Fault condition indicators can be extracted from motor currents and voltage signals. Frequency components of currents and voltages can be related to motor or application faults such as shaft misalignment or stator winding faults. The current and voltage sensors are essential components of drives anyway as they provide the signals for controlling the motor. These signals can be used for monitoring without an extra sensor.
The drive being the controller of the motor can correlate the monitoring values, such as specific current harmonics, with other available information inside the drive. Knowing the controller state for instance, the drive knows when meaningful spectrum calculations can be performed. Like the vibration level monitoring, the correlation of monitored values with motor speed, load, and other relevant process data can be performed to get more accurate fault information.
Load Monitoring Variable Torque Applications
As shown in the previous section, measuring motor current and voltage with a drive to control the motor is possible. The primary current and voltage measurement is used to calculate parameters such as motor power, energy, actual motor speed, or torque. These values can be used for monitoring the motor load, for example a pump, fan or air compressor.
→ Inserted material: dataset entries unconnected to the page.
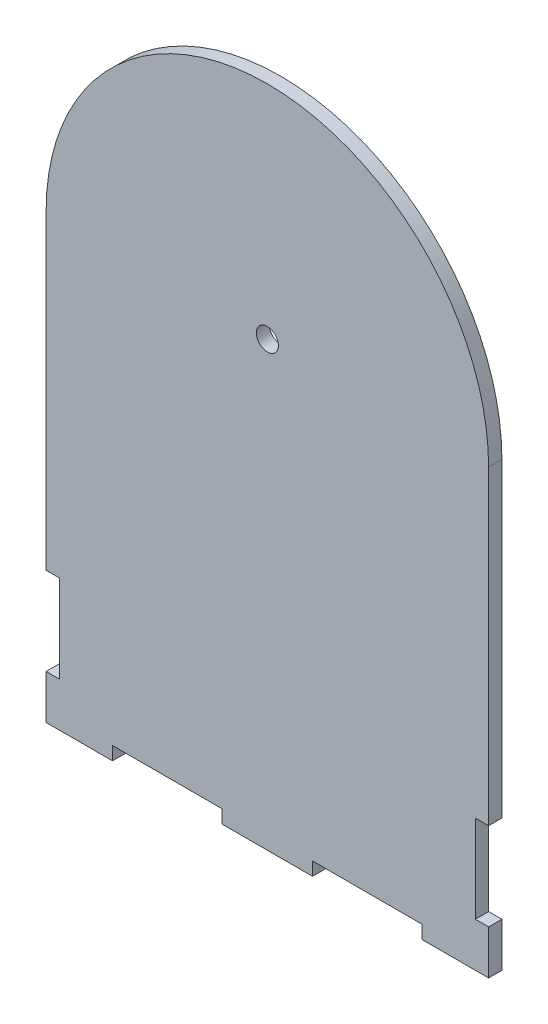
ISO-10303-21;
HEADER;
FILE_DESCRIPTION(('STEP AP214'),'2;1');
FILE_NAME('part.step','',(''),(''),'','','');
FILE_SCHEMA(('AUTOMOTIVE_DESIGN { 1 0 10303 214 1 1 1 1 }'));
ENDSEC;
DATA;
#1=APPLICATION_CONTEXT('core data for automotive mechanical design processes');
#2=APPLICATION_PROTOCOL_DEFINITION('international standard','automotive_design',2000,#1);
#3=PRODUCT_CONTEXT('',#1,'mechanical');
#4=PRODUCT('Part','Part','',(#3));
#5=PRODUCT_RELATED_PRODUCT_CATEGORY('part','',(#4));
#6=PRODUCT_DEFINITION_FORMATION('','',#4);
#7=PRODUCT_DEFINITION_CONTEXT('part definition',#1,'design');
#8=PRODUCT_DEFINITION('design','',#6,#7);
#9=PRODUCT_DEFINITION_SHAPE('','',#8);
#10=(LENGTH_UNIT() NAMED_UNIT(*) SI_UNIT(.MILLI.,.METRE.));
#11=(NAMED_UNIT(*) PLANE_ANGLE_UNIT() SI_UNIT($,.RADIAN.));
#12=(NAMED_UNIT(*) SI_UNIT($,.STERADIAN.) SOLID_ANGLE_UNIT());
#13=UNCERTAINTY_MEASURE_WITH_UNIT(LENGTH_MEASURE(1.E-05),#10,'distance_accuracy_value','');
#14=(GEOMETRIC_REPRESENTATION_CONTEXT(3) GLOBAL_UNCERTAINTY_ASSIGNED_CONTEXT((#13)) GLOBAL_UNIT_ASSIGNED_CONTEXT((#10,
#11,#12)) REPRESENTATION_CONTEXT('',''));
#15=CARTESIAN_POINT('',(0.,0.,0.));
#16=DIRECTION('',(0.,0.,1.));
#17=DIRECTION('',(1.,0.,0.));
#18=AXIS2_PLACEMENT_3D('',#15,#16,#17);
#19=CARTESIAN_POINT('',(50.,100.,3.));
#20=DIRECTION('',(0.,0.,-1.));
#21=DIRECTION('',(-1.,0.,0.));
#22=AXIS2_PLACEMENT_3D('',#19,#20,#21);
#23=CYLINDRICAL_SURFACE('',#22,50.);
#24=CARTESIAN_POINT('',(50.,100.,0.));
#25=DIRECTION('',(0.,0.,1.));
#26=DIRECTION('',(1.,0.,0.));
#27=AXIS2_PLACEMENT_3D('',#24,#25,#26);
#28=CIRCLE('',#27,50.);
#29=CARTESIAN_POINT('',(100.,100.,0.));
#30=VERTEX_POINT('',#29);
#31=CARTESIAN_POINT('',(0.,100.,0.));
#32=VERTEX_POINT('',#31);
#33=EDGE_CURVE('E206',#30,#32,#28,.T.);
#34=ORIENTED_EDGE('',*,*,#33,.T.);
#35=DIRECTION('',(0.,0.,-1.));
#36=VECTOR('',#35,1.);
#37=CARTESIAN_POINT('',(0.,100.,3.));
#38=LINE('',#37,#36);
#39=CARTESIAN_POINT('',(0.,100.,3.));
#40=VERTEX_POINT('',#39);
#41=EDGE_CURVE('E11',#40,#32,#38,.T.);
#42=ORIENTED_EDGE('',*,*,#41,.F.);
#43=CARTESIAN_POINT('',(50.,100.,3.));
#44=DIRECTION('',(0.,0.,1.));
#45=DIRECTION('',(1.,0.,0.));
#46=AXIS2_PLACEMENT_3D('',#43,#44,#45);
#47=CIRCLE('',#46,50.);
#48=CARTESIAN_POINT('',(100.,100.,3.));
#49=VERTEX_POINT('',#48);
#50=EDGE_CURVE('E125',#49,#40,#47,.T.);
#51=ORIENTED_EDGE('',*,*,#50,.F.);
#52=DIRECTION('',(0.,0.,-1.));
#53=VECTOR('',#52,1.);
#54=CARTESIAN_POINT('',(100.,100.,3.));
#55=LINE('',#54,#53);
#56=EDGE_CURVE('E198',#49,#30,#55,.T.);
#57=ORIENTED_EDGE('',*,*,#56,.T.);
#58=EDGE_LOOP('',(#34,#42,#51,#57));
#59=FACE_BOUND('',#58,.T.);
#60=ADVANCED_FACE('F36',(#59),#23,.T.);
#61=CARTESIAN_POINT('',(0.,0.,3.));
#62=DIRECTION('',(-1.,0.,0.));
#63=DIRECTION('',(0.,-1.,0.));
#64=AXIS2_PLACEMENT_3D('',#61,#62,#63);
#65=PLANE('',#64);
#66=DIRECTION('',(0.,1.,0.));
#67=VECTOR('',#66,1.);
#68=CARTESIAN_POINT('',(0.,0.,0.));
#69=LINE('',#68,#67);
#70=CARTESIAN_POINT('',(0.,29.8,0.));
#71=VERTEX_POINT('',#70);
#72=EDGE_CURVE('E209',#71,#32,#69,.T.);
#73=ORIENTED_EDGE('',*,*,#72,.F.);
#74=DIRECTION('',(0.,0.,-1.));
#75=VECTOR('',#74,1.);
#76=CARTESIAN_POINT('',(0.,29.8,3.));
#77=LINE('',#76,#75);
#78=CARTESIAN_POINT('',(0.,29.8,3.));
#79=VERTEX_POINT('',#78);
#80=EDGE_CURVE('E45',#79,#71,#77,.T.);
#81=ORIENTED_EDGE('',*,*,#80,.F.);
#82=DIRECTION('',(0.,1.,0.));
#83=VECTOR('',#82,1.);
#84=CARTESIAN_POINT('',(0.,0.,3.));
#85=LINE('',#84,#83);
#86=EDGE_CURVE('E301',#79,#40,#85,.T.);
#87=ORIENTED_EDGE('',*,*,#86,.T.);
#88=ORIENTED_EDGE('',*,*,#41,.T.);
#89=EDGE_LOOP('',(#73,#81,#87,#88));
#90=FACE_BOUND('',#89,.T.);
#91=ADVANCED_FACE('F300',(#90),#65,.T.);
#92=CARTESIAN_POINT('',(0.,29.8,3.));
#93=DIRECTION('',(0.,1.,0.));
#94=DIRECTION('',(0.,0.,1.));
#95=AXIS2_PLACEMENT_3D('',#92,#93,#94);
#96=PLANE('',#95);
#97=DIRECTION('',(1.,0.,0.));
#98=VECTOR('',#97,1.);
#99=CARTESIAN_POINT('',(0.,29.8,0.));
#100=LINE('',#99,#98);
#101=CARTESIAN_POINT('',(3.00000000000002,29.8,0.));
#102=VERTEX_POINT('',#101);
#103=EDGE_CURVE('E212',#71,#102,#100,.T.);
#104=ORIENTED_EDGE('',*,*,#103,.T.);
#105=DIRECTION('',(0.,0.,-1.));
#106=VECTOR('',#105,1.);
#107=CARTESIAN_POINT('',(3.00000000000002,29.8,3.));
#108=LINE('',#107,#106);
#109=CARTESIAN_POINT('',(3.00000000000002,29.8,3.));
#110=VERTEX_POINT('',#109);
#111=EDGE_CURVE('E285',#110,#102,#108,.T.);
#112=ORIENTED_EDGE('',*,*,#111,.F.);
#113=DIRECTION('',(1.,0.,0.));
#114=VECTOR('',#113,1.);
#115=CARTESIAN_POINT('',(0.,29.8,3.));
#116=LINE('',#115,#114);
#117=EDGE_CURVE('E292',#79,#110,#116,.T.);
#118=ORIENTED_EDGE('',*,*,#117,.F.);
#119=ORIENTED_EDGE('',*,*,#80,.T.);
#120=EDGE_LOOP('',(#104,#112,#118,#119));
#121=FACE_BOUND('',#120,.T.);
#122=ADVANCED_FACE('F290',(#121),#96,.F.);
#123=CARTESIAN_POINT('',(3.00000000000091,0.,3.));
#124=DIRECTION('',(1.,0.,0.));
#125=DIRECTION('',(0.,1.,0.));
#126=AXIS2_PLACEMENT_3D('',#123,#124,#125);
#127=PLANE('',#126);
#128=DIRECTION('',(0.,-1.,0.));
#129=VECTOR('',#128,1.);
#130=CARTESIAN_POINT('',(3.00000000000091,0.,0.));
#131=LINE('',#130,#129);
#132=CARTESIAN_POINT('',(3.00000000000061,9.99999999999978,0.));
#133=VERTEX_POINT('',#132);
#134=EDGE_CURVE('E215',#102,#133,#131,.T.);
#135=ORIENTED_EDGE('',*,*,#134,.T.);
#136=DIRECTION('',(0.,0.,-1.));
#137=VECTOR('',#136,1.);
#138=CARTESIAN_POINT('',(3.00000000000061,9.99999999999978,3.));
#139=LINE('',#138,#137);
#140=CARTESIAN_POINT('',(3.00000000000061,9.99999999999978,3.));
#141=VERTEX_POINT('',#140);
#142=EDGE_CURVE('E283',#141,#133,#139,.T.);
#143=ORIENTED_EDGE('',*,*,#142,.F.);
#144=DIRECTION('',(0.,-1.,0.));
#145=VECTOR('',#144,1.);
#146=CARTESIAN_POINT('',(3.00000000000091,0.,3.));
#147=LINE('',#146,#145);
#148=EDGE_CURVE('E313',#110,#141,#147,.T.);
#149=ORIENTED_EDGE('',*,*,#148,.F.);
#150=ORIENTED_EDGE('',*,*,#111,.T.);
#151=EDGE_LOOP('',(#135,#143,#149,#150));
#152=FACE_BOUND('',#151,.T.);
#153=ADVANCED_FACE('F400',(#152),#127,.F.);
#154=CARTESIAN_POINT('',(-7.40148683083404E-13,9.99999999999956,3.));
#155=DIRECTION('',(0.,1.,0.));
#156=DIRECTION('',(-1.,0.,0.));
#157=AXIS2_PLACEMENT_3D('',#154,#155,#156);
#158=PLANE('',#157);
#159=DIRECTION('',(1.,0.,0.));
#160=VECTOR('',#159,1.);
#161=CARTESIAN_POINT('',(-7.40148683083404E-13,9.99999999999956,0.));
#162=LINE('',#161,#160);
#163=CARTESIAN_POINT('',(0.,9.99999999999967,0.));
#164=VERTEX_POINT('',#163);
#165=EDGE_CURVE('E218',#164,#133,#162,.T.);
#166=ORIENTED_EDGE('',*,*,#165,.F.);
#167=DIRECTION('',(0.,0.,-1.));
#168=VECTOR('',#167,1.);
#169=CARTESIAN_POINT('',(0.,9.99999999999967,3.));
#170=LINE('',#169,#168);
#171=CARTESIAN_POINT('',(0.,9.99999999999967,3.));
#172=VERTEX_POINT('',#171);
#173=EDGE_CURVE('E281',#172,#164,#170,.T.);
#174=ORIENTED_EDGE('',*,*,#173,.F.);
#175=DIRECTION('',(1.,0.,0.));
#176=VECTOR('',#175,1.);
#177=CARTESIAN_POINT('',(-7.40148683083404E-13,9.99999999999956,3.));
#178=LINE('',#177,#176);
#179=EDGE_CURVE('E315',#172,#141,#178,.T.);
#180=ORIENTED_EDGE('',*,*,#179,.T.);
#181=ORIENTED_EDGE('',*,*,#142,.T.);
#182=EDGE_LOOP('',(#166,#174,#180,#181));
#183=FACE_BOUND('',#182,.T.);
#184=ADVANCED_FACE('F396',(#183),#158,.T.);
#185=CARTESIAN_POINT('',(0.,0.,0.));
#186=VERTEX_POINT('',#185);
#187=EDGE_CURVE('E213',#186,#164,#69,.T.);
#188=ORIENTED_EDGE('',*,*,#187,.F.);
#189=DIRECTION('',(0.,0.,-1.));
#190=VECTOR('',#189,1.);
#191=CARTESIAN_POINT('',(0.,0.,3.));
#192=LINE('',#191,#190);
#193=CARTESIAN_POINT('',(0.,0.,3.));
#194=VERTEX_POINT('',#193);
#195=EDGE_CURVE('E279',#194,#186,#192,.T.);
#196=ORIENTED_EDGE('',*,*,#195,.F.);
#197=EDGE_CURVE('E311',#194,#172,#85,.T.);
#198=ORIENTED_EDGE('',*,*,#197,.T.);
#199=ORIENTED_EDGE('',*,*,#173,.T.);
#200=EDGE_LOOP('',(#188,#196,#198,#199));
#201=FACE_BOUND('',#200,.T.);
#202=ADVANCED_FACE('F391',(#201),#65,.T.);
#203=CARTESIAN_POINT('',(0.,0.,3.));
#204=DIRECTION('',(0.,1.,0.));
#205=DIRECTION('',(0.,0.,1.));
#206=AXIS2_PLACEMENT_3D('',#203,#204,#205);
#207=PLANE('',#206);
#208=DIRECTION('',(1.,0.,0.));
#209=VECTOR('',#208,1.);
#210=CARTESIAN_POINT('',(0.,0.,0.));
#211=LINE('',#210,#209);
#212=CARTESIAN_POINT('',(15.,0.,0.));
#213=VERTEX_POINT('',#212);
#214=EDGE_CURVE('E221',#186,#213,#211,.T.);
#215=ORIENTED_EDGE('',*,*,#214,.T.);
#216=DIRECTION('',(0.,0.,-1.));
#217=VECTOR('',#216,1.);
#218=CARTESIAN_POINT('',(15.,0.,3.));
#219=LINE('',#218,#217);
#220=CARTESIAN_POINT('',(15.,0.,3.));
#221=VERTEX_POINT('',#220);
#222=EDGE_CURVE('E276',#221,#213,#219,.T.);
#223=ORIENTED_EDGE('',*,*,#222,.F.);
#224=DIRECTION('',(1.,0.,0.));
#225=VECTOR('',#224,1.);
#226=CARTESIAN_POINT('',(0.,0.,3.));
#227=LINE('',#226,#225);
#228=EDGE_CURVE('E318',#194,#221,#227,.T.);
#229=ORIENTED_EDGE('',*,*,#228,.F.);
#230=ORIENTED_EDGE('',*,*,#195,.T.);
#231=EDGE_LOOP('',(#215,#223,#229,#230));
#232=FACE_BOUND('',#231,.T.);
#233=ADVANCED_FACE('F386',(#232),#207,.F.);
#234=CARTESIAN_POINT('',(15.,0.,3.));
#235=DIRECTION('',(-1.,0.,0.));
#236=DIRECTION('',(0.,0.,1.));
#237=AXIS2_PLACEMENT_3D('',#234,#235,#236);
#238=PLANE('',#237);
#239=DIRECTION('',(0.,1.,0.));
#240=VECTOR('',#239,1.);
#241=CARTESIAN_POINT('',(15.,0.,0.));
#242=LINE('',#241,#240);
#243=CARTESIAN_POINT('',(15.,3.,0.));
#244=VERTEX_POINT('',#243);
#245=EDGE_CURVE('E223',#213,#244,#242,.T.);
#246=ORIENTED_EDGE('',*,*,#245,.T.);
#247=DIRECTION('',(0.,0.,-1.));
#248=VECTOR('',#247,1.);
#249=CARTESIAN_POINT('',(15.,3.,3.));
#250=LINE('',#249,#248);
#251=CARTESIAN_POINT('',(15.,3.,3.));
#252=VERTEX_POINT('',#251);
#253=EDGE_CURVE('E273',#252,#244,#250,.T.);
#254=ORIENTED_EDGE('',*,*,#253,.F.);
#255=DIRECTION('',(0.,1.,0.));
#256=VECTOR('',#255,1.);
#257=CARTESIAN_POINT('',(15.,0.,3.));
#258=LINE('',#257,#256);
#259=EDGE_CURVE('E320',#221,#252,#258,.T.);
#260=ORIENTED_EDGE('',*,*,#259,.F.);
#261=ORIENTED_EDGE('',*,*,#222,.T.);
#262=EDGE_LOOP('',(#246,#254,#260,#261));
#263=FACE_BOUND('',#262,.T.);
#264=ADVANCED_FACE('F382',(#263),#238,.F.);
#265=CARTESIAN_POINT('',(0.,3.,3.));
#266=DIRECTION('',(0.,1.,0.));
#267=DIRECTION('',(0.,0.,1.));
#268=AXIS2_PLACEMENT_3D('',#265,#266,#267);
#269=PLANE('',#268);
#270=DIRECTION('',(1.,0.,0.));
#271=VECTOR('',#270,1.);
#272=CARTESIAN_POINT('',(0.,3.,0.));
#273=LINE('',#272,#271);
#274=CARTESIAN_POINT('',(39.8,3.,0.));
#275=VERTEX_POINT('',#274);
#276=EDGE_CURVE('E225',#244,#275,#273,.T.);
#277=ORIENTED_EDGE('',*,*,#276,.T.);
#278=DIRECTION('',(0.,0.,-1.));
#279=VECTOR('',#278,1.);
#280=CARTESIAN_POINT('',(39.8,3.,3.));
#281=LINE('',#280,#279);
#282=CARTESIAN_POINT('',(39.8,3.,3.));
#283=VERTEX_POINT('',#282);
#284=EDGE_CURVE('E271',#283,#275,#281,.T.);
#285=ORIENTED_EDGE('',*,*,#284,.F.);
#286=DIRECTION('',(1.,0.,0.));
#287=VECTOR('',#286,1.);
#288=CARTESIAN_POINT('',(0.,3.,3.));
#289=LINE('',#288,#287);
#290=EDGE_CURVE('E322',#252,#283,#289,.T.);
#291=ORIENTED_EDGE('',*,*,#290,.F.);
#292=ORIENTED_EDGE('',*,*,#253,.T.);
#293=EDGE_LOOP('',(#277,#285,#291,#292));
#294=FACE_BOUND('',#293,.T.);
#295=ADVANCED_FACE('F377',(#294),#269,.F.);
#296=CARTESIAN_POINT('',(39.8,0.,3.));
#297=DIRECTION('',(-1.,0.,0.));
#298=DIRECTION('',(0.,0.,1.));
#299=AXIS2_PLACEMENT_3D('',#296,#297,#298);
#300=PLANE('',#299);
#301=DIRECTION('',(0.,1.,0.));
#302=VECTOR('',#301,1.);
#303=CARTESIAN_POINT('',(39.8,0.,0.));
#304=LINE('',#303,#302);
#305=CARTESIAN_POINT('',(39.8,0.,0.));
#306=VERTEX_POINT('',#305);
#307=EDGE_CURVE('E228',#306,#275,#304,.T.);
#308=ORIENTED_EDGE('',*,*,#307,.F.);
#309=DIRECTION('',(0.,0.,-1.));
#310=VECTOR('',#309,1.);
#311=CARTESIAN_POINT('',(39.8,0.,3.));
#312=LINE('',#311,#310);
#313=CARTESIAN_POINT('',(39.8,0.,3.));
#314=VERTEX_POINT('',#313);
#315=EDGE_CURVE('E269',#314,#306,#312,.T.);
#316=ORIENTED_EDGE('',*,*,#315,.F.);
#317=DIRECTION('',(0.,1.,0.));
#318=VECTOR('',#317,1.);
#319=CARTESIAN_POINT('',(39.8,0.,3.));
#320=LINE('',#319,#318);
#321=EDGE_CURVE('E324',#314,#283,#320,.T.);
#322=ORIENTED_EDGE('',*,*,#321,.T.);
#323=ORIENTED_EDGE('',*,*,#284,.T.);
#324=EDGE_LOOP('',(#308,#316,#322,#323));
#325=FACE_BOUND('',#324,.T.);
#326=ADVANCED_FACE('F371',(#325),#300,.T.);
#327=CARTESIAN_POINT('',(0.,0.,3.));
#328=DIRECTION('',(0.,1.,0.));
#329=DIRECTION('',(0.,0.,1.));
#330=AXIS2_PLACEMENT_3D('',#327,#328,#329);
#331=PLANE('',#330);
#332=DIRECTION('',(1.,0.,0.));
#333=VECTOR('',#332,1.);
#334=CARTESIAN_POINT('',(0.,0.,0.));
#335=LINE('',#334,#333);
#336=CARTESIAN_POINT('',(60.2,0.,0.));
#337=VERTEX_POINT('',#336);
#338=EDGE_CURVE('E231',#306,#337,#335,.T.);
#339=ORIENTED_EDGE('',*,*,#338,.T.);
#340=DIRECTION('',(0.,0.,-1.));
#341=VECTOR('',#340,1.);
#342=CARTESIAN_POINT('',(60.2,0.,3.));
#343=LINE('',#342,#341);
#344=CARTESIAN_POINT('',(60.2,0.,3.));
#345=VERTEX_POINT('',#344);
#346=EDGE_CURVE('E266',#345,#337,#343,.T.);
#347=ORIENTED_EDGE('',*,*,#346,.F.);
#348=DIRECTION('',(1.,0.,0.));
#349=VECTOR('',#348,1.);
#350=CARTESIAN_POINT('',(0.,0.,3.));
#351=LINE('',#350,#349);
#352=EDGE_CURVE('E327',#314,#345,#351,.T.);
#353=ORIENTED_EDGE('',*,*,#352,.F.);
#354=ORIENTED_EDGE('',*,*,#315,.T.);
#355=EDGE_LOOP('',(#339,#347,#353,#354));
#356=FACE_BOUND('',#355,.T.);
#357=ADVANCED_FACE('F368',(#356),#331,.F.);
#358=CARTESIAN_POINT('',(60.2,0.,3.));
#359=DIRECTION('',(-1.,0.,0.));
#360=DIRECTION('',(0.,0.,1.));
#361=AXIS2_PLACEMENT_3D('',#358,#359,#360);
#362=PLANE('',#361);
#363=DIRECTION('',(0.,1.,0.));
#364=VECTOR('',#363,1.);
#365=CARTESIAN_POINT('',(60.2,0.,0.));
#366=LINE('',#365,#364);
#367=CARTESIAN_POINT('',(60.2,3.,0.));
#368=VERTEX_POINT('',#367);
#369=EDGE_CURVE('E233',#337,#368,#366,.T.);
#370=ORIENTED_EDGE('',*,*,#369,.T.);
#371=DIRECTION('',(0.,0.,-1.));
#372=VECTOR('',#371,1.);
#373=CARTESIAN_POINT('',(60.2,3.,3.));
#374=LINE('',#373,#372);
#375=CARTESIAN_POINT('',(60.2,3.,3.));
#376=VERTEX_POINT('',#375);
#377=EDGE_CURVE('E263',#376,#368,#374,.T.);
#378=ORIENTED_EDGE('',*,*,#377,.F.);
#379=DIRECTION('',(0.,1.,0.));
#380=VECTOR('',#379,1.);
#381=CARTESIAN_POINT('',(60.2,0.,3.));
#382=LINE('',#381,#380);
#383=EDGE_CURVE('E329',#345,#376,#382,.T.);
#384=ORIENTED_EDGE('',*,*,#383,.F.);
#385=ORIENTED_EDGE('',*,*,#346,.T.);
#386=EDGE_LOOP('',(#370,#378,#384,#385));
#387=FACE_BOUND('',#386,.T.);
#388=ADVANCED_FACE('F363',(#387),#362,.F.);
#389=CARTESIAN_POINT('',(0.,3.,3.));
#390=DIRECTION('',(0.,1.,0.));
#391=DIRECTION('',(0.,0.,1.));
#392=AXIS2_PLACEMENT_3D('',#389,#390,#391);
#393=PLANE('',#392);
#394=DIRECTION('',(1.,0.,0.));
#395=VECTOR('',#394,1.);
#396=CARTESIAN_POINT('',(0.,3.,0.));
#397=LINE('',#396,#395);
#398=CARTESIAN_POINT('',(85.,3.,0.));
#399=VERTEX_POINT('',#398);
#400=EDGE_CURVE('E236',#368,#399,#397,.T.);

In applications where the load depends on the motor speed, the torque estimation can be used for determining over-load and under-load deviations. During baseline, the drive learns the normal distribution of the load, or the load envelope.
There is a correlation with the motor speed here, too. During monitoring, the drive can detect over-load and under-load conditions caused by various faults, depending on the application. In pump applications, this function can detect pump fouling or impeller wear-out. In air compressors it can detect leaks, and in fan applications it can detect air filter clogging. In short, any abnormal conditions that have an impact on the load can be monitored in this way.
Condition Monitoring in Practice
An obstacle to performing condition monitoring with the variable speed drives is price. While in the past only critical systems have been equipped with condition monitoring, today drives can be used for this task in less critical but still important applications.
An example is the Heineken brewery in Patras, Greece. It has a capacity of 3.4 million hectoliters and is piloting condition monitoring in its wastewater plant. For its wastewater applications, it uses two compressors with 132 kW. The motors are controlled with 2 FC-202 VLT AQUA Drives to monitor the vibration of the motor and the winding.
“The commissioning was, in this case, quite easy; we upgraded the control card and enabled the SW license. The second step was the installation of the Hansford vibration sensors, set the CBM parameters and enabled monitoring of motor winding, vibration and load envelope,” said Virgil Lupu, product manager for Danfoss.
“The project started with an aim to learn what can Danfoss deliver with the new condition-based monitoring functions, as well as experience these new possibilities and create new strategies for the future. For Heineken, it is very important to monitor these compressors, if the system fails, the authorities can shut down the brewery,” said René Grywnow, global key account manager for Danfoss.
Condition monitoring can be used for condition-based maintenance, which is an evolution from corrective and preventive maintenance. But condition monitoring relies on sensor data; and installing additional sensors can be expensive. Variable speed drives already used in the application are a valuable source of data that can be used for condition monitoring.